Psychophysiologische Diagnostik (Biofeedback-Stresstest)
Zur Erfassung individueller Stressreaktionen und der Fähigkeit zur Erholung biete ich einen wissenschaftlich fundierten Biofeedback-Stresstest mit vier Stressoren an.
Diese Form der psychophysiologischen Diagnostik liefert ein umfassendes Bild Ihrer körperlichen Reaktionen auf verschiedene Belastungssituationen sowie auf Entspannungsphasen. Sie dient nicht nur als Grundlage für eine gezielte Trainingsplanung, sondern auch zur Einschätzung möglicher Regulationsstörungen im Stressverarbeitungssystem.
Ablauf des Tests
Der Test dauert ca. 30 Minuten und besteht aus mehreren Phasen, die gezielt Stress- und Entspannungsreaktionen auslösen. Dabei werden verschiedene Biosignale mithilfe eines Multisensors erfasst:
- SCL (Hautleitwert): Ein sensibles Maß für die Aktivität des Sympathikus. Besonders aussagekräftig bei kognitiven und emotionalen Stressoren. Der SCL-Wert hilft, die biologische Reaktionsbereitschaft (Sympathikotoniker vs. Vagotoniker) zu erkennen und den Trainingsschwerpunkt individuell zu setzen.
- Temperatur: Ein Indikator für die periphere Durchblutung. Ein Temperaturanstieg bei gleichzeitigem SCL-Abfall weist auf eine Entspannungsreaktion hin. Bereits eine Veränderung von ±0,5 °C gilt als klinisch relevant.
- Pulskurve (PK) und Pulsfrequenz (PF): Diese Parameter geben Aufschluss über die lokale Durchblutung und die Herzfrequenzveränderung in Reaktion auf Stress und Entspannung.
Zusätzlich wird Ihre Atmung mithilfe eines kontaktlosen Sensors präzise erfasst und ausgewertet. Dabei werden folgende Parameter analysiert:
- Atemfrequenz
- Atemmuster (Bauchatmung vs. Brustatmung)
- Atemtiefe
Diese Daten geben Aufschluss darüber, wie Ihr Körper individuell auf Stress und Entspannung reagiert. Sie zeigen, ob Ihre Atemreaktionen physiologisch verlaufen oder ob möglicherweise eine chronische Fehlregulation im Bereich der Stressverarbeitung und Entspannungsfähigkeit vorliegt. Eine flache, schnelle oder überwiegend thorakale Atmung kann ein Hinweis auf eine langfristige Überaktivierung des Stresssystems sein. Die Analyse hilft dabei, solche Muster zu erkennen und gezielt zu verändern – etwa durch Atemtraining oder Biofeedback-gestützte Entspannungsverfahren.

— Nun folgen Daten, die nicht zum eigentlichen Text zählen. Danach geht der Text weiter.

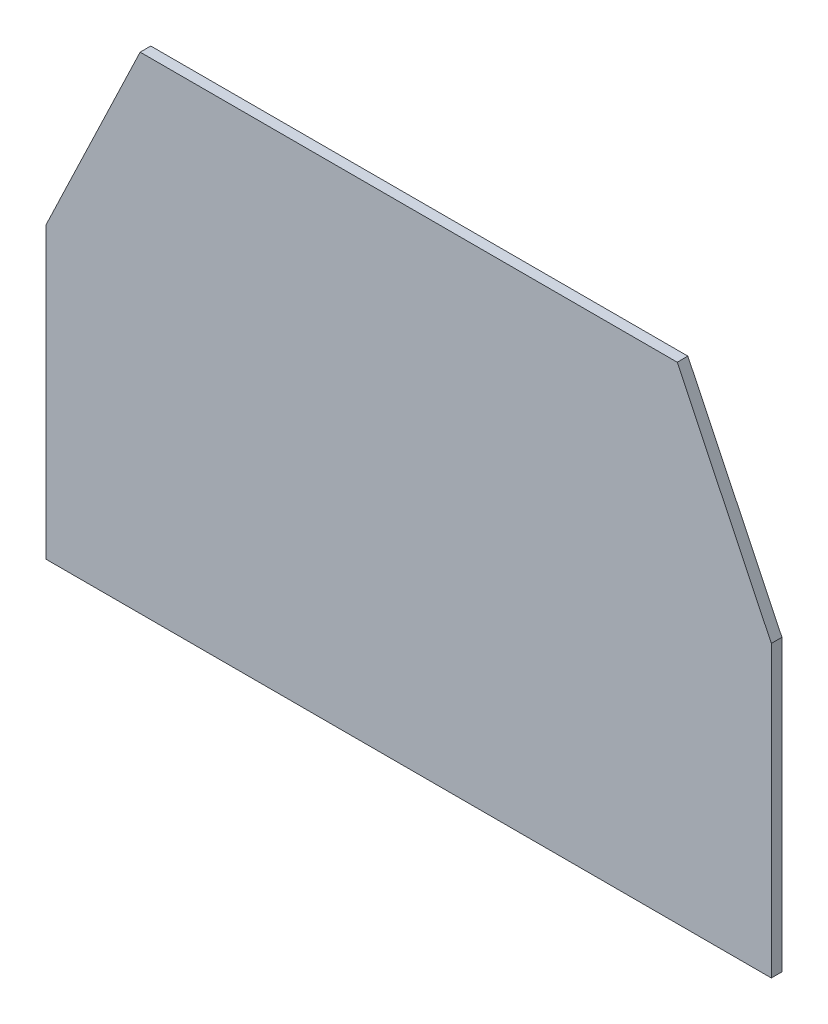
ISO-10303-21;
HEADER;
FILE_DESCRIPTION(('STEP AP214'),'2;1');
FILE_NAME('part.step','',(''),(''),'','','');
FILE_SCHEMA(('AUTOMOTIVE_DESIGN { 1 0 10303 214 1 1 1 1 }'));
ENDSEC;
DATA;
#1=APPLICATION_CONTEXT('core data for automotive mechanical design processes');
#2=APPLICATION_PROTOCOL_DEFINITION('international standard','automotive_design',2000,#1);
#3=PRODUCT_CONTEXT('',#1,'mechanical');
#4=PRODUCT('Part','Part','',(#3));
#5=PRODUCT_RELATED_PRODUCT_CATEGORY('part','',(#4));
#6=PRODUCT_DEFINITION_FORMATION('','',#4);
#7=PRODUCT_DEFINITION_CONTEXT('part definition',#1,'design');
#8=PRODUCT_DEFINITION('design','',#6,#7);
#9=PRODUCT_DEFINITION_SHAPE('','',#8);
#10=(LENGTH_UNIT() NAMED_UNIT(*) SI_UNIT(.MILLI.,.METRE.));
#11=(NAMED_UNIT(*) PLANE_ANGLE_UNIT() SI_UNIT($,.RADIAN.));
#12=(NAMED_UNIT(*) SI_UNIT($,.STERADIAN.) SOLID_ANGLE_UNIT());
#13=UNCERTAINTY_MEASURE_WITH_UNIT(LENGTH_MEASURE(1.E-05),#10,'distance_accuracy_value','');
#14=(GEOMETRIC_REPRESENTATION_CONTEXT(3) GLOBAL_UNCERTAINTY_ASSIGNED_CONTEXT((#13)) GLOBAL_UNIT_ASSIGNED_CONTEXT((#10,
#11,#12)) REPRESENTATION_CONTEXT('',''));
#15=CARTESIAN_POINT('',(0.,0.,0.));
#16=DIRECTION('',(0.,0.,1.));
#17=DIRECTION('',(1.,0.,0.));
#18=AXIS2_PLACEMENT_3D('',#15,#16,#17);
#19=CARTESIAN_POINT('',(-341.858259493534,-194.367647058824,10.));
#20=DIRECTION('',(1.,0.,0.));
#21=DIRECTION('',(0.,1.,0.));
#22=AXIS2_PLACEMENT_3D('',#19,#20,#21);
#23=PLANE('',#22);
#24=DIRECTION('',(0.,-1.,0.));
#25=VECTOR('',#24,1.);
#26=CARTESIAN_POINT('',(-341.858259493534,-194.367647058824,0.));
#27=LINE('',#26,#25);
#28=CARTESIAN_POINT('',(-341.858259493534,78.7945636826585,0.));
#29=VERTEX_POINT('',#28);
#30=CARTESIAN_POINT('',(-341.858259493534,-194.367647058824,0.));
#31=VERTEX_POINT('',#30);
#32=EDGE_CURVE('E117',#29,#31,#27,.T.);
#33=ORIENTED_EDGE('',*,*,#32,.T.);
#34=DIRECTION('',(0.,0.,-1.));
#35=VECTOR('',#34,1.);
#36=CARTESIAN_POINT('',(-341.858259493534,-194.367647058824,10.));
#37=LINE('',#36,#35);
#38=CARTESIAN_POINT('',(-341.858259493534,-194.367647058824,10.));
#39=VERTEX_POINT('',#38);
#40=EDGE_CURVE('E11',#39,#31,#37,.T.);
#41=ORIENTED_EDGE('',*,*,#40,.F.);
#42=DIRECTION('',(0.,-1.,0.));
#43=VECTOR('',#42,1.);
#44=CARTESIAN_POINT('',(-341.858259493534,-194.367647058824,10.));
#45=LINE('',#44,#43);
#46=CARTESIAN_POINT('',(-341.858259493534,78.7945636826585,10.));
#47=VERTEX_POINT('',#46);
#48=EDGE_CURVE('E127',#47,#39,#45,.T.);
#49=ORIENTED_EDGE('',*,*,#48,.F.);
#50=DIRECTION('',(0.,0.,-1.));
#51=VECTOR('',#50,1.);
#52=CARTESIAN_POINT('',(-341.858259493534,78.7945636826585,10.));
#53=LINE('',#52,#51);
#54=EDGE_CURVE('E113',#47,#29,#53,.T.);
#55=ORIENTED_EDGE('',*,*,#54,.T.);
#56=EDGE_LOOP('',(#33,#41,#49,#55));
#57=FACE_BOUND('',#56,.T.);
#58=ADVANCED_FACE('F33',(#57),#23,.F.);
#59=CARTESIAN_POINT('',(341.858259493534,-194.367647058824,10.));
#60=DIRECTION('',(0.,1.,0.));
#61=DIRECTION('',(-1.,0.,0.));
#62=AXIS2_PLACEMENT_3D('',#59,#60,#61);
#63=PLANE('',#62);
#64=DIRECTION('',(1.,0.,0.));
#65=VECTOR('',#64,1.);
#66=CARTESIAN_POINT('',(341.858259493534,-194.367647058824,0.));
#67=LINE('',#66,#65);
#68=CARTESIAN_POINT('',(341.858259493534,-194.367647058824,0.));
#69=VERTEX_POINT('',#68);
#70=EDGE_CURVE('E120',#31,#69,#67,.T.);
#71=ORIENTED_EDGE('',*,*,#70,.T.);
#72=DIRECTION('',(0.,0.,-1.));
#73=VECTOR('',#72,1.);
#74=CARTESIAN_POINT('',(341.858259493534,-194.367647058824,10.));
#75=LINE('',#74,#73);
#76=CARTESIAN_POINT('',(341.858259493534,-194.367647058824,10.));
#77=VERTEX_POINT('',#76);
#78=EDGE_CURVE('E41',#77,#69,#75,.T.);
#79=ORIENTED_EDGE('',*,*,#78,.F.);
#80=DIRECTION('',(1.,0.,0.));
#81=VECTOR('',#80,1.);
#82=CARTESIAN_POINT('',(341.858259493534,-194.367647058824,10.));
#83=LINE('',#82,#81);
#84=EDGE_CURVE('E86',#39,#77,#83,.T.);
#85=ORIENTED_EDGE('',*,*,#84,.F.);
#86=ORIENTED_EDGE('',*,*,#40,.T.);
#87=EDGE_LOOP('',(#71,#79,#85,#86));
#88=FACE_BOUND('',#87,.T.);
#89=ADVANCED_FACE('F151',(#88),#63,.F.);
#90=CARTESIAN_POINT('',(341.858259493534,-194.367647058824,10.));
#91=DIRECTION('',(-1.,0.,0.));
#92=DIRECTION('',(0.,-1.,0.));
#93=AXIS2_PLACEMENT_3D('',#90,#91,#92);
#94=PLANE('',#93);
#95=DIRECTION('',(0.,1.,0.));
#96=VECTOR('',#95,1.);
#97=CARTESIAN_POINT('',(341.858259493534,-194.367647058824,0.));
#98=LINE('',#97,#96);
#99=CARTESIAN_POINT('',(341.858259493534,78.7945636826585,0.));
#100=VERTEX_POINT('',#99);
#101=EDGE_CURVE('E122',#69,#100,#98,.T.);
#102=ORIENTED_EDGE('',*,*,#101,.T.);
#103=DIRECTION('',(0.,0.,-1.));
#104=VECTOR('',#103,1.);
#105=CARTESIAN_POINT('',(341.858259493534,78.7945636826585,10.));
#106=LINE('',#105,#104);
#107=CARTESIAN_POINT('',(341.858259493534,78.7945636826585,10.));
#108=VERTEX_POINT('',#107);
#109=EDGE_CURVE('E108',#108,#100,#106,.T.);
#110=ORIENTED_EDGE('',*,*,#109,.F.);
#111=DIRECTION('',(0.,1.,0.));
#112=VECTOR('',#111,1.);
#113=CARTESIAN_POINT('',(341.858259493534,-194.367647058824,10.));
#114=LINE('',#113,#112);
#115=EDGE_CURVE('E99',#77,#108,#114,.T.);
#116=ORIENTED_EDGE('',*,*,#115,.F.);
#117=ORIENTED_EDGE('',*,*,#78,.T.);
#118=EDGE_LOOP('',(#102,#110,#116,#117));
#119=FACE_BOUND('',#118,.T.);
#120=ADVANCED_FACE('F133',(#119),#94,.F.);
#121=CARTESIAN_POINT('',(341.858259493534,78.7945636826585,10.));
#122=DIRECTION('',(-0.901919134345838,-0.431904937574063,0.));
#123=DIRECTION('',(0.431904937574063,-0.901919134345838,0.));
#124=AXIS2_PLACEMENT_3D('',#121,#122,#123);
#125=PLANE('',#124);
#126=DIRECTION('',(-0.431904937574063,0.901919134345837,0.));
#127=VECTOR('',#126,1.);
#128=CARTESIAN_POINT('',(341.858259493534,78.7945636826585,0.));
#129=LINE('',#128,#127);
#130=CARTESIAN_POINT('',(253.156995608474,264.023673560284,0.));
#131=VERTEX_POINT('',#130);
#132=EDGE_CURVE('E107',#100,#131,#129,.T.);
#133=ORIENTED_EDGE('',*,*,#132,.T.);
#134=DIRECTION('',(0.,0.,-1.));
#135=VECTOR('',#134,1.);
#136=CARTESIAN_POINT('',(253.156995608474,264.023673560284,10.));
#137=LINE('',#136,#135);
#138=CARTESIAN_POINT('',(253.156995608474,264.023673560284,10.));
#139=VERTEX_POINT('',#138);
#140=EDGE_CURVE('E104',#139,#131,#137,.T.);
#141=ORIENTED_EDGE('',*,*,#140,.F.);
#142=DIRECTION('',(-0.431904937574063,0.901919134345837,0.));
#143=VECTOR('',#142,1.);
#144=CARTESIAN_POINT('',(341.858259493534,78.7945636826585,10.));
#145=LINE('',#144,#143);
#146=EDGE_CURVE('E93',#108,#139,#145,.T.);
#147=ORIENTED_EDGE('',*,*,#146,.F.);
#148=ORIENTED_EDGE('',*,*,#109,.T.);
#149=EDGE_LOOP('',(#133,#141,#147,#148));
#150=FACE_BOUND('',#149,.T.);
#151=ADVANCED_FACE('F105',(#150),#125,.F.);
#152=CARTESIAN_POINT('',(253.156995608474,264.023673560284,10.));
#153=DIRECTION('',(0.,-1.,0.));
#154=DIRECTION('',(1.,0.,0.));
#155=AXIS2_PLACEMENT_3D('',#152,#153,#154);
#156=PLANE('',#155);
#157=DIRECTION('',(-1.,0.,0.));
#158=VECTOR('',#157,1.);
#159=CARTESIAN_POINT('',(253.156995608474,264.023673560284,0.));
#160=LINE('',#159,#158);
#161=CARTESIAN_POINT('',(-253.156995608474,264.023673560284,0.));
#162=VERTEX_POINT('',#161);
#163=EDGE_CURVE('E72',#131,#162,#160,.T.);
#164=ORIENTED_EDGE('',*,*,#163,.T.);
#165=DIRECTION('',(0.,0.,-1.));
#166=VECTOR('',#165,1.);
#167=CARTESIAN_POINT('',(-253.156995608474,264.023673560284,10.));
#168=LINE('',#167,#166);
#169=CARTESIAN_POINT('',(-253.156995608474,264.023673560284,10.));
#170=VERTEX_POINT('',#169);
#171=EDGE_CURVE('E109',#170,#162,#168,.T.);
#172=ORIENTED_EDGE('',*,*,#171,.F.);
#173=DIRECTION('',(-1.,0.,0.));
#174=VECTOR('',#173,1.);
#175=CARTESIAN_POINT('',(253.156995608474,264.023673560284,10.));
#176=LINE('',#175,#174);
#177=EDGE_CURVE('E97',#139,#170,#176,.T.);
#178=ORIENTED_EDGE('',*,*,#177,.F.);
#179=ORIENTED_EDGE('',*,*,#140,.T.);
#180=EDGE_LOOP('',(#164,#172,#178,#179));
#181=FACE_BOUND('',#180,.T.);
#182=ADVANCED_FACE('F111',(#181),#156,.F.);
#183=CARTESIAN_POINT('',(-341.858259493534,78.7945636826585,10.));
#184=DIRECTION('',(0.901919134345838,-0.431904937574063,0.));
#185=DIRECTION('',(0.431904937574063,0.901919134345838,0.));
#186=AXIS2_PLACEMENT_3D('',#183,#184,#185);
#187=PLANE('',#186);
#188=DIRECTION('',(-0.431904937574063,-0.901919134345837,0.));
#189=VECTOR('',#188,1.);
#190=CARTESIAN_POINT('',(-341.858259493534,78.7945636826585,0.));
#191=LINE('',#190,#189);
#192=EDGE_CURVE('E78',#162,#29,#191,.T.);
#193=ORIENTED_EDGE('',*,*,#192,.T.);
#194=ORIENTED_EDGE('',*,*,#54,.F.);
#195=DIRECTION('',(-0.431904937574063,-0.901919134345837,0.));
#196=VECTOR('',#195,1.);
#197=CARTESIAN_POINT('',(-341.858259493534,78.7945636826585,10.));
#198=LINE('',#197,#196);
#199=EDGE_CURVE('E49',#170,#47,#198,.T.);
#200=ORIENTED_EDGE('',*,*,#199,.F.);
#201=ORIENTED_EDGE('',*,*,#171,.T.);
#202=EDGE_LOOP('',(#193,#194,#200,#201));
#203=FACE_BOUND('',#202,.T.);
#204=ADVANCED_FACE('F140',(#203),#187,.F.);
#205=CARTESIAN_POINT('',(0.,0.,10.));
#206=DIRECTION('',(0.,0.,1.));
#207=DIRECTION('',(1.,0.,0.));
#208=AXIS2_PLACEMENT_3D('',#205,#206,#207);
#209=PLANE('',#208);
#210=ORIENTED_EDGE('',*,*,#48,.T.);
#211=ORIENTED_EDGE('',*,*,#84,.T.);
#212=ORIENTED_EDGE('',*,*,#115,.T.);
#213=ORIENTED_EDGE('',*,*,#146,.T.);
#214=ORIENTED_EDGE('',*,*,#177,.T.);
#215=ORIENTED_EDGE('',*,*,#199,.T.);
#216=EDGE_LOOP('',(#210,#211,#212,#213,#214,#215));
#217=FACE_BOUND('',#216,.T.);
#218=ADVANCED_FACE('F95',(#217),#209,.T.);
#219=CARTESIAN_POINT('',(0.,0.,0.));
#220=DIRECTION('',(0.,0.,1.));
#221=DIRECTION('',(1.,0.,0.));
#222=AXIS2_PLACEMENT_3D('',#219,#220,#221);
#223=PLANE('',#222);
#224=ORIENTED_EDGE('',*,*,#32,.F.);
#225=ORIENTED_EDGE('',*,*,#192,.F.);
#226=ORIENTED_EDGE('',*,*,#163,.F.);
#227=ORIENTED_EDGE('',*,*,#132,.F.);
#228=ORIENTED_EDGE('',*,*,#101,.F.);
#229=ORIENTED_EDGE('',*,*,#70,.F.);
#230=EDGE_LOOP('',(#224,#225,#226,#227,#228,#229));
#231=FACE_BOUND('',#230,.T.);
#232=ADVANCED_FACE('F136',(#231),#223,.F.);
#233=CLOSED_SHELL('',(#58,#89,#120,#151,#182,#204,#218,#232));
#234=MANIFOLD_SOLID_BREP('B2',#233);
#235=ADVANCED_BREP_SHAPE_REPRESENTATION('',(#18,#234),#14);
#236=SHAPE_DEFINITION_REPRESENTATION(#9,#235);
ENDSEC;
END-ISO-10303-21;

Auch die lokale Muskelspannung wird mittels EMG-Sensoren gemessen. So lässt sich erkennen, wie Ihre Muskulatur unbewusst auf Stressreize und Entspannungsphasen reagiert.
Auswertung & Nutzen
Die Ergebnisse werden individuell ausgewertet und grafisch dargestellt. Sie erhalten ein persönliches Stressprofil, das Ihnen hilft, Ihre körperlichen Reaktionen besser zu verstehen und gezielt zu trainieren – z. B. durch Biofeedback, Neurofeedback oder andere Entspannungsverfahren.
Der Stresstest zeigt außerdem, ob in Ihrem Körper pathologisch überschießende Reaktionen auf Stress auftreten, ob eine eingeschränkte Erholungsfähigkeit besteht oder ob gar keine adäquate Stressreaktion mehr sichtbar ist – ein Hinweis auf mögliche psychische Erschöpfung oder Burnout.